Now select some data from your newly created table!

hive> select * from page_views limit 10;
OK
*.b Ingl\xC3\x01\x00\x00\x00\x00Z\xBB\xB9\x01\x00\x00\x00\x00;kGS\xF6\xC3aH\x0D\x00\x00 1 325
* 100013-11-30T23:59:57.3 1 325
* 100\x00\x00\x00\x00\x00\x00\x00\xA1\x0D\xA1\x01\x00\x00\x00\x00\x10\x00\x00\x00\x00 1 325
* \x5Cx-\x22\x5Cx/(\x5Cx/*\x5Cx/(\x5Cx/\x5Cx/0\x82\x01\xB3\x06\x09`\x86H\x01\x86\xFDl\x01\x010\x82\x01\xA40:\x06\x08+\x06\x01\x05\x05\x07\x02\x01\x16.http://www.digicert.com/ss 1 325
* \x5Cx-\x22\x5Cx/(\x5Cx/*\x5Cx/(\x5Cx/\x5Cx/\x00\x00\x00\x00\xDE~\xC4\xD1\x91\xA5\x09\x00\x0A\x00\x00\x00\x00\x00\x00\x00\x19%~\x01\x00\x00\x00\x00\x0A\x00\x00\x00\x00\x00\x00\x00%%~\x01\x00\x00\x00\x004Qm\x01\x00\x00\x00\x00\x08\xB5'\xAB\x00\x00\x00 1 325
AR %D9%82%D8%A7%D8%A6%D9%85%D8%A9_%D8%A3%D9%84%D8%B9%D8%A7%D8%A8_%D8%A5%D9%8A_%D8%A2%D9%8A%D9%87_%D9%84%D9%88%D8%B3_%D8%A3%D9%86%D8%AC%D9%84%D9%88%D8%B3 1 44480
De.mw De 1 10302
De Customer-Relationship-Management 3 96858
De Include 3 24679
EN.mw EN 1 4693
Time taken: 14.766 seconds, Fetched: 10 row(s)
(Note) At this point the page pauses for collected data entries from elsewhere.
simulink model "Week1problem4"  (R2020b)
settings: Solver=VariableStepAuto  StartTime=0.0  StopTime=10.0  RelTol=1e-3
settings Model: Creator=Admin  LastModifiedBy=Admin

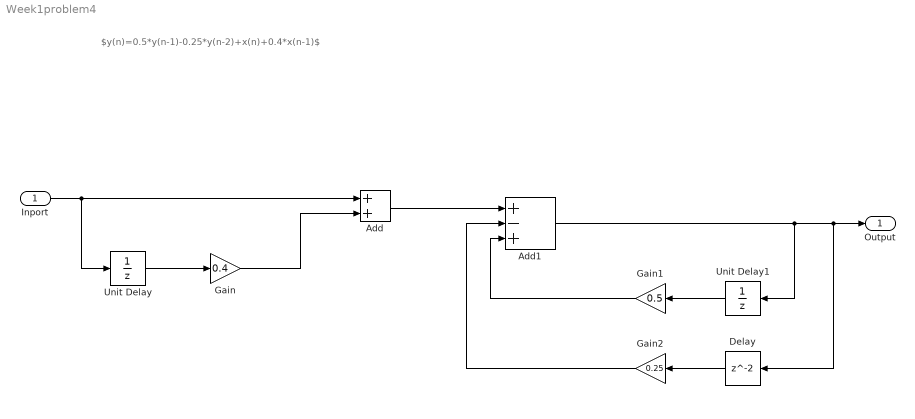
== system Week1problem4 ==
  note: $y(n)=0.5*y(n-1)-0.25*y(n-2)+x(n)+0.4*x(n-1)$
  Inport : Inport
  Add : Sum
  Add1 : Sum  Inputs=+-+
  Delay : Delay
  Gain : Gain  Gain=0.4
  Gain1 : Gain  Gain=0.5
  Gain2 : Gain  Gain=0.25
  Unit Delay : UnitDelay  SampleTime=-1  HasFrameUpgradeWarning=on
  Unit Delay1 : UnitDelay  SampleTime=-1  HasFrameUpgradeWarning=on
  Output : Outport
  wires:
  Inport/1 -> Unit Delay/1, Add/1
  Unit Delay/1 -> Gain/1
  Gain/1 -> Add/2
  Add/1 -> Add1/1
  Gain1/1 -> Add1/3
  Add1/1 -> Unit Delay1/1, Delay/1, Output/1
  Unit Delay1/1 -> Gain1/1
  Delay/1 -> Gain2/1
  Gain2/1 -> Add1/2

Pretty sweet huh? Now feel free to run any arbitrary query against the data. Note: since we used m1.small EC2s the performance of Hive/Hadoop is going to be pretty abysmal. But hey, give it a shot:

hive> select count(*) AS c, title from page_viewsn group by title order by c desc limit 1000;
Total MapReduce jobs = 2
Launching Job 1 out of 2
Number of reduce tasks not specified. Estimated from input data size: 6
In order to change the average load for a reducer (in bytes):
set hive.exec.reducers.bytes.per.reducer=<number>
In order to limit the maximum number of reducers:
set hive.exec.reducers.max=<number>
In order to set a constant number of reducers:
set mapred.reduce.tasks=<number>

Anyway, don’t forget to tear down the cluster once you’re done. As always, let me know if you run into any issues!